-- Items from a dataset --

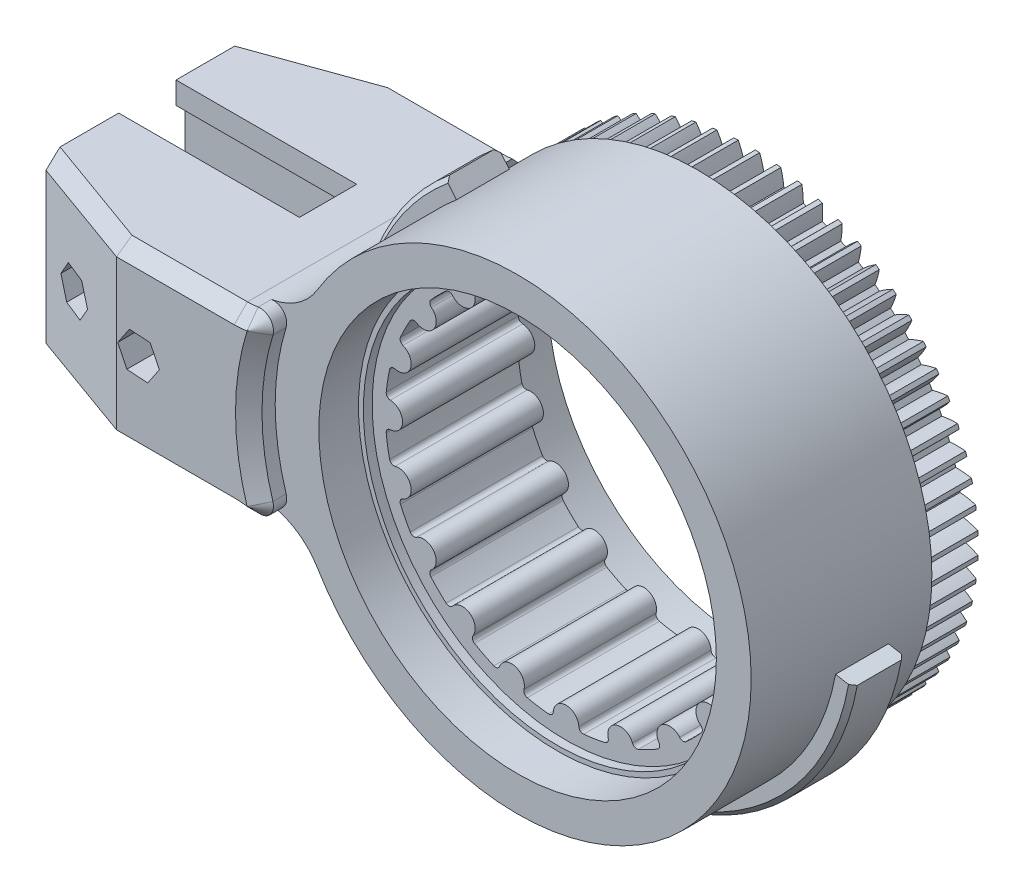
SolidWorks part; units mm, degrees
ref_plane "Front Plane" through (0, 0, 0) normal (0, 0, 1) x (1, 0, 0)
ref_plane "Top Plane" through (0, 0, 0) normal (0, 1, 0) x (1, 0, 0)
ref_plane "Right Plane" through (0, 0, 0) normal (1, 0, 0) x (0, 0, -1)
sketch "Sketch1" plane through (0, 0, 0) normal (0, 0, 1) x (1, 0, 0)
  circle A0 centre (0, 0) radius 53
  dimension "D1" = 106
extrude "Boss-Extrude1" add sketch "Sketch1" along normal blind 30
sketch "Sketch4" plane through (0, 0, 0) normal (0, 0, -1) x (-1, 0, 0)
  line L0 (53, 0) -> (110, 0) construction
  line L1 (49.0816, -20) -> (110, -20)
  line L2 (49.0816, 20) -> (110, 20)
  line L3 (110, 20) -> (110, -20)
  line L4 (0, 20) -> (110, 20) construction
  line L5 (0, 0) -> (110, 0) construction
  line L6 (0, -20) -> (110, -20) construction
  circle A0 centre (0, 0) radius 53 construction
  arc A1 (49.0816, -20) -> (49.0816, 20) centre (0, 0) ccw
  dimension "D3" = 110
  dimension "D1" = 20
  dimension "D2" = 20
extrude "Boss-Extrude2" add sketch "Sketch4" against normal up to surface (30 mm away) up to face at (53, 0, 30)
sketch "Sketch5" plane through (0, 0, 0) normal (0, 0, -1) x (-1, 0, 0)
  line L2 (110, -20) -> (110, 20)
  line L3 (110, 20) -> (51.2348, 20)
  line L5 (51.2348, -20) -> (110, -20)
  line L6 (0, 0) -> (139.0391, 0) construction
  arc A0 (51.2348, -20) -> (51.2348, 20) centre (0, 0) ccw
  dimension "D1" = 110
  dimension "D2" = 40
  dimension "D3" = 110
extrude "Boss-Extrude3" add sketch "Sketch5" along normal blind 17
sketch "Sketch6" plane through (0, 0, 30) normal (0, 0, 1) x (1, 0, 0)
  line L0 (-110, 0) -> (0, 0) construction
  line L6 (-110, -20) -> (-51.2348, -20)
  line L7 (-110, 20) -> (-110, -20)
  line L8 (-51.2348, 20) -> (-110, 20)
  arc A2 (-51.2348, 20) -> (-51.2348, -20) centre (0, 0) ccw
  dimension "D1" = 55
  dimension "D2" = 40
  dimension "D3" = 110
extrude "Boss-Extrude4" add sketch "Sketch6" along normal blind 17
sketch "Sketch7" plane through (0, 20, 0) normal (0, 1, 0) x (1, 0, 0)
  line L0 (53, -15) -> (-110, -15) construction
  line L1 (53, -30) -> (53, 0) construction
  line L2 (-110, -47) -> (-110, 17) construction
  line L4 (-151, -8.5) -> (-69, -8.5)
  line L5 (-151, -8.5) -> (-151, -21.5)
  line L6 (-151, -21.5) -> (-69, -21.5)
  line L7 (-69, -8.5) -> (-69, -21.5)
  line L8 (-151, -8.5) -> (-69, -21.5) construction
  line L9 (-151, -21.5) -> (-69, -8.5) construction
  dimension "D1" = 13
  dimension "D2" = 41
extrude "Cut-Extrude3" cut sketch "Sketch7" against normal through all
sketch "Sketch8" plane through (0, 20, 0) normal (0, 1, 0) x (1, 0, 0)
  line L0 (-110, 8) -> (-85, 17)
  line L1 (-110, -8.5) -> (-110, 17) construction
  line L2 (-110, 17) -> (-51.2348, 17) construction
  line L3 (-69, -15) -> (-102.4865, -15) construction
  line L4 (-69, -21.5) -> (-69, -8.5) construction
  line L5 (-110, -38) -> (-85, -47)
  line L6 (-110, -47) -> (-110, -21.5) construction
  line L7 (-51.2348, -47) -> (-110, -47) construction
  line L8 (-110, 17) -> (-85, 17)
  line L9 (-110, 8) -> (-110, 17)
  line L10 (-110, -47) -> (-110, -38)
  line L11 (-85, -47) -> (-110, -47)
  dimension "D1" = 9
  dimension "D2" = 25
extrude "Cut-Extrude4" cut sketch "Sketch8" against normal through all
fillet "Fillet3" radius 15 2 edges at (-49.0816, 20, 15) (-49.0816, -20, 15)
sketch "Sketch10" plane through (-110, 0, 0) normal (-1, 0, 0) x (0, 0, 1)
  line L0 (15, 20) -> (15, -20) construction
  line L1 (47, 20) -> (-17, 20) construction
  line L2 (-17, -20) -> (47, -20) construction
  line L3 (21.5, -20) -> (21.5, 20) construction
  line L4 (6.5, 15) -> (23.5, 15)
  line L5 (6.5, 15) -> (6.5, -15)
  line L6 (6.5, -15) -> (23.5, -15)
  line L7 (23.5, 15) -> (23.5, -15)
  line L8 (6.5, 15) -> (23.5, -15) construction
  line L9 (6.5, -15) -> (23.5, 15) construction
  point P6 (15, 0)
  dimension "D1" = 30
  dimension "D2" = 2
extrude "Cut-Extrude5" cut sketch "Sketch10" against normal blind 41
sketch "Sketch11" plane through (0, 0, -17) normal (0, 0, -1) x (-1, 0, 0)
  line L0 (110, 0) -> (45.4033, 0) construction
  line L1 (110, -20) -> (110, 20) construction
  circle A0 centre (100, 0) radius 2.75
  circle A1 centre (80, 0) radius 2.75
  dimension "D3" = 5.5
  dimension "D1" = 10
  dimension "D2" = 20
extrude "Cut-Extrude6" cut sketch "Sketch11" against normal through all
sketch "Sketch12" plane through (0, 0, -17) normal (0, 0, -1) x (-1, 0, 0)
  circle A0 centre (80, 0) radius 4.6
  circle A1 centre (100, 0) radius 4.6
  dimension "D1" = 9.2
extrude "Cut-Extrude7" cut sketch "Sketch12" against normal blind 12
sketch "Sketch13" plane through (0, 0, 47) normal (0, 0, 1) x (1, 0, 0)
  line L1 (-104.7224, 0.3346) -> (-102.651, -3.9225)
  line L2 (-102.651, -3.9225) -> (-97.9285, -4.257)
  line L3 (-97.9285, -4.257) -> (-95.2776, -0.3346)
  line L4 (-95.2776, -0.3346) -> (-97.349, 3.9225)
  line L5 (-97.349, 3.9225) -> (-102.0715, 4.257)
  line L6 (-102.0715, 4.257) -> (-104.7224, 0.3346)
  line L7 (-84.7224, 0.3346) -> (-82.651, -3.9225)
  line L8 (-82.651, -3.9225) -> (-77.9285, -4.257)
  line L9 (-77.9285, -4.257) -> (-75.2776, -0.3346)
  line L10 (-75.2776, -0.3346) -> (-77.349, 3.9225)
  line L11 (-77.349, 3.9225) -> (-82.0715, 4.257)
  line L12 (-82.0715, 4.257) -> (-84.7224, 0.3346)
  circle A0 centre (-100, 0) radius 4.1 construction
  circle A1 centre (-80, 0) radius 4.1 construction
  dimension "D1" = 8.2
extrude "Cut-Extrude8" cut sketch "Sketch13" against normal blind 12
sketch3d "3DSketch1"
  line L0 (-58.3009, 20, 47) -> (-85, 20, 47) construction
  line L1 (-85, -20, 47) -> (-85, 20, 47) construction
  point P0 (-54.8705, 20, 47)
  point P1 (-85, 11.3679, 47)
  point P4 (-110, 20, 38)
ref_plane "Plane2" through (0, 0, 15) normal (0, 0, 1) x (1, 0, 0)
fillet "Fillet5" radius 3 4 edges at (-50.2597, -22.3375, -8.5) (-50.2597, -22.3375, 38.5) (-50.2597, 22.3375, -8.5) (-50.2597, 22.3375, 38.5)
sketch "Sketch25" plane through (0, 0, 15) normal (0, 0, 1) x (1, 0, 0)
  circle A0 centre (0, 0) radius 57
  circle A1 centre (0, 0) radius 53
  arc A2 (-45.4404, -27.2794) -> (-45.4404, 27.2794) centre (0, 0) ccw construction
  dimension "D1" = 4
extrude "Boss-Extrude8" add sketch "Sketch25" along normal mid plane 12
sketch "Sketch26" plane through (0, 0, 21) normal (0, 0, 1) x (1, 0, 0)
  line L0 (56.0861, -10.1662) -> (52.1502, -9.4528)
  line L2 (-36.4297, 43.8392) -> (-33.8733, 40.7627)
  arc A0 (-53.0039, -20.9664) -> (-53.0039, 20.9664) centre (0, 0) ccw construction
  arc A1 (-45.4404, -27.2794) -> (-45.4404, 27.2794) centre (0, 0) ccw construction
  arc A2 (56.0861, -10.1662) -> (-36.4297, 43.8392) centre (0, 0) ccw
  arc A3 (52.1502, -9.4528) -> (-33.8733, 40.7627) centre (0, 0) ccw
  dimension "D1" = 140
extrude "Cut-Extrude12" cut sketch "Sketch26" against normal blind 15
chamfer "Chamfer4" distance 1 angle 45 4 edges at (5.6157, -56.7227, 21) (5.6157, -56.7227, 9) (-46.1561, 33.4457, 9) (-46.1561, 33.4457, 21)
sketch "Sketch27" plane through (0, 0, 30) normal (0, 0, 1) x (1, 0, 0)
  circle A0 centre (0, 0) radius 40 construction
  arc A1 (-40.9074, -2.7544) -> (-40.9074, 2.7544) centre (-40, 0) ccw
  arc A2 (-39.7564, 10.0215) -> (-38.0541, 15.2607) centre (-38.0423, 12.3607) ccw
  arc A3 (-34.7138, 21.8164) -> (-31.4758, 26.2731) centre (-32.3607, 23.5114) ccw
  arc A4 (-26.2731, 31.4758) -> (-21.8164, 34.7138) centre (-23.5114, 32.3607) ccw
  arc A5 (-15.2607, 38.0541) -> (-10.0215, 39.7564) centre (-12.3607, 38.0423) ccw
  arc A6 (-2.7544, 40.9074) -> (2.7544, 40.9074) centre (0, 40) ccw
  arc A7 (10.0215, 39.7564) -> (15.2607, 38.0541) centre (12.3607, 38.0423) ccw
  arc A8 (21.8164, 34.7138) -> (26.2731, 31.4758) centre (23.5114, 32.3607) ccw
  arc A9 (31.4758, 26.2731) -> (34.7138, 21.8164) centre (32.3607, 23.5114) ccw
  arc A10 (38.0541, 15.2607) -> (39.7564, 10.0215) centre (38.0423, 12.3607) ccw
  arc A11 (40.9074, 2.7544) -> (40.9074, -2.7544) centre (40, 0) ccw
  arc A12 (39.7564, -10.0215) -> (38.0541, -15.2607) centre (38.0423, -12.3607) ccw
  arc A13 (34.7138, -21.8164) -> (31.4758, -26.2731) centre (32.3607, -23.5114) ccw
  arc A14 (26.2731, -31.4758) -> (21.8164, -34.7138) centre (23.5114, -32.3607) ccw
  arc A15 (15.2607, -38.0541) -> (10.0215, -39.7564) centre (12.3607, -38.0423) ccw
  arc A16 (2.7544, -40.9074) -> (-2.7544, -40.9074) centre (0, -40) ccw
  arc A17 (26.2731, -31.4758) -> (31.4758, -26.2731) centre (0, 0) ccw
  arc A18 (34.7138, -21.8164) -> (38.0541, -15.2607) centre (0, 0) ccw
  arc A19 (39.7564, -10.0215) -> (40.9074, -2.7544) centre (0, 0) ccw
  arc A20 (40.9074, 2.7544) -> (39.7564, 10.0215) centre (0, 0) ccw
  arc A21 (38.0541, 15.2607) -> (34.7138, 21.8164) centre (0, 0) ccw
  arc A22 (31.4758, 26.2731) -> (26.2731, 31.4758) centre (0, 0) ccw
  arc A23 (21.8164, 34.7138) -> (15.2607, 38.0541) centre (0, 0) ccw
  arc A24 (10.0215, 39.7564) -> (2.7544, 40.9074) centre (0, 0) ccw
  arc A25 (-2.7544, 40.9074) -> (-10.0215, 39.7564) centre (0, 0) ccw
  arc A26 (-15.2607, 38.0541) -> (-21.8164, 34.7138) centre (0, 0) ccw
  arc A27 (-26.2731, 31.4758) -> (-31.4758, 26.2731) centre (0, 0) ccw
  arc A28 (-34.7138, 21.8164) -> (-38.0541, 15.2607) centre (0, 0) ccw
  arc A29 (-39.7564, 10.0215) -> (-40.9074, 2.7544) centre (0, 0) ccw
  arc A30 (-40.9074, -2.7544) -> (-2.7544, -40.9074) centre (0, 0) ccw
  arc A31 (2.7544, -40.9074) -> (10.0215, -39.7564) centre (0, 0) ccw
  arc A32 (15.2607, -38.0541) -> (21.8164, -34.7138) centre (0, 0) ccw
  arc A33 (-10.0215, -39.7564) -> (-15.2607, -38.0541) centre (-12.3607, -38.0423) ccw
  arc A34 (-21.8164, -34.7138) -> (-26.2731, -31.4758) centre (-23.5114, -32.3607) ccw
  arc A35 (-31.4758, -26.2731) -> (-34.7138, -21.8164) centre (-32.3607, -23.5114) ccw
  arc A36 (-38.0541, -15.2607) -> (-39.7564, -10.0215) centre (-38.0423, -12.3607) ccw
  point P35 (0, 0)
  point P38 (0, 0)
  dimension "D1" = 80
  dimension "D2" = 5.8
  dimension "D4" = 41
  dimension "D3" = 20
extrude "Cut-Extrude13" cut sketch "Sketch27" against normal through all contours A36 A30 A35 A34 A33 A16 A31 A15 A32 A14 A17 A13 A18 A12 A19 A11 A20 A10 A21 A9 A22 A8 A23 A7 A24 A6 A25 A5 A26 A4 A27 A3 A28 A2 A29 A1 region at (0, 0, 30)
fillet "Fillet6" radius 1 40 edges at (2.7544, 40.9074, 15) (38.0541, -15.2607, 15) (31.4758, -26.2731, 15) (21.8164, -34.7138, 15) (10.0215, -39.7564, 15) (-2.7544, -40.9074, 15) (-15.2607, -38.0541, 15) (-26.2731, -31.4758, 15) (-34.7138, -21.8164, 15) (-40.9074, 2.7544, 15) (-40.9074, -2.7544, 15) (-39.7564, 10.0215, 15) (-38.0541, 15.2607, 15) (-31.4758, 26.2731, 15) (-34.7138, 21.8164, 15) (-26.2731, 31.4758, 15) (-21.8164, 34.7138, 15) (-10.0215, 39.7564, 15) (-15.2607, 38.0541, 15) (-2.7544, 40.9074, 15) (10.0215, 39.7564, 15) (15.2607, 38.0541, 15) (21.8164, 34.7138, 15) (26.2731, 31.4758, 15) (31.4758, 26.2731, 15) (34.7138, 21.8164, 15) (38.0541, 15.2607, 15) (39.7564, 10.0215, 15) (40.9074, 2.7544, 15) (40.9074, -2.7544, 15) (39.7564, -10.0215, 15) (34.7138, -21.8164, 15) (26.2731, -31.4758, 15) (-39.7564, -10.0215, 15) (15.2607, -38.0541, 15) (2.7544, -40.9074, 15) (-10.0215, -39.7564, 15) (-21.8164, -34.7138, 15) (-31.4758, -26.2731, 15) (-38.0541, -15.2607, 15)
sketch "Sketch28" plane through (0, 0, 30) normal (0, 0, 1) x (1, 0, 0)
  arc A0 (-45.4404, 27.2794) -> (-45.4404, -27.2794) centre (0, 0) ccw
  arc A7 (-52.5145, 16.3471) -> (-52.5145, -16.3471) centre (0, 0) ccw
  arc A8 (-55.8659, -20.199) -> (-52.5145, -16.3471) centre (-55.3789, -17.2388) ccw
  arc A9 (-45.4404, -27.2794) -> (-55.8659, -20.199) centre (-58.3009, -35) ccw
  arc A10 (-45.4404, -27.2794) -> (-45.4404, 27.2794) centre (0, 0) ccw
  arc A11 (-55.8659, 20.199) -> (-45.4404, 27.2794) centre (-58.3009, 35) ccw
  arc A12 (-52.5145, 16.3471) -> (-55.8659, 20.199) centre (-55.3789, 17.2388) ccw
  arc A13 (-52.5145, 16.3471) -> (-52.5145, -16.3471) centre (0, 0) ccw
  arc A14 (-55.8659, -20.199) -> (-52.5145, -16.3471) centre (-55.3789, -17.2388) ccw
  arc A15 (-45.4404, -27.2794) -> (-55.8659, -20.199) centre (-58.3009, -35) ccw
  arc A17 (-55.8659, 20.199) -> (-45.4404, 27.2794) centre (-58.3009, 35) ccw
  arc A18 (-52.5145, 16.3471) -> (-55.8659, 20.199) centre (-55.3789, 17.2388) ccw
  dimension "D1" = 0
extrude "Boss-Extrude9" add sketch "Sketch28" along normal up to surface (17 mm away) up to face at (-80, 0, 47)
sketch "Sketch29" plane through (0, 0, 30) normal (0, 0, 1) x (1, 0, 0)
  circle A0 centre (0, 0) radius 53
  circle A1 centre (0, 0) radius 44
  arc A2 (-45.4404, -27.2794) -> (-45.4404, 27.2794) centre (0, 0) ccw construction
  dimension "D1" = 88
extrude "Boss-Extrude10" add sketch "Sketch29" along normal blind 11
sketch "Sketch30" plane through (0, 0, 41) normal (0, 0, 1) x (1, 0, 0)
  circle A0 centre (0, 0) radius 45.1
  dimension "D1" = 90.2
extrude "Cut-Extrude14" cut sketch "Sketch30" against normal blind 9
sketch "Sketch31" plane through (0, 0, 0) normal (0, 0, -1) x (-1, 0, 0)
  arc A6 (52.5145, -16.3471) -> (52.5145, 16.3471) centre (0, 0) ccw
  arc A7 (55.8659, 20.199) -> (52.5145, 16.3471) centre (55.3789, 17.2388) ccw
  arc A8 (45.4404, 27.2794) -> (55.8659, 20.199) centre (58.3009, 35) ccw
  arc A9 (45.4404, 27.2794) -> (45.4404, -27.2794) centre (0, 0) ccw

-- PROBLEM DESCRIPTION --
Transcribe each line of the data above, unaltered, from the one where "line L4 (-69, -21.5)" appears to the one where "line L8 (6.5, 15)" appears, inclusive of both.

-- EXERCISE SOLUTION --
  line L4 (-69, -21.5) -> (-69, -8.5) construction
  line L5 (-110, -38) -> (-85, -47)
  line L6 (-110, -47) -> (-110, -21.5) construction
  line L7 (-51.2348, -47) -> (-110, -47) construction
  line L8 (-110, 17) -> (-85, 17)
  line L9 (-110, 8) -> (-110, 17)
  line L10 (-110, -47) -> (-110, -38)
  line L11 (-85, -47) -> (-110, -47)
  dimension "D1" = 9
  dimension "D2" = 25
extrude "Cut-Extrude4" cut sketch "Sketch8" against normal through all
fillet "Fillet3" radius 15 2 edges at (-49.0816, 20, 15) (-49.0816, -20, 15)
sketch "Sketch10" plane through (-110, 0, 0) normal (-1, 0, 0) x (0, 0, 1)
  line L0 (15, 20) -> (15, -20) construction
  line L1 (47, 20) -> (-17, 20) construction
  line L2 (-17, -20) -> (47, -20) construction
  line L3 (21.5, -20) -> (21.5, 20) construction
  line L4 (6.5, 15) -> (23.5, 15)
  line L5 (6.5, 15) -> (6.5, -15)
  line L6 (6.5, -15) -> (23.5, -15)
  line L7 (23.5, 15) -> (23.5, -15)
  line L8 (6.5, 15) -> (23.5, -15) construction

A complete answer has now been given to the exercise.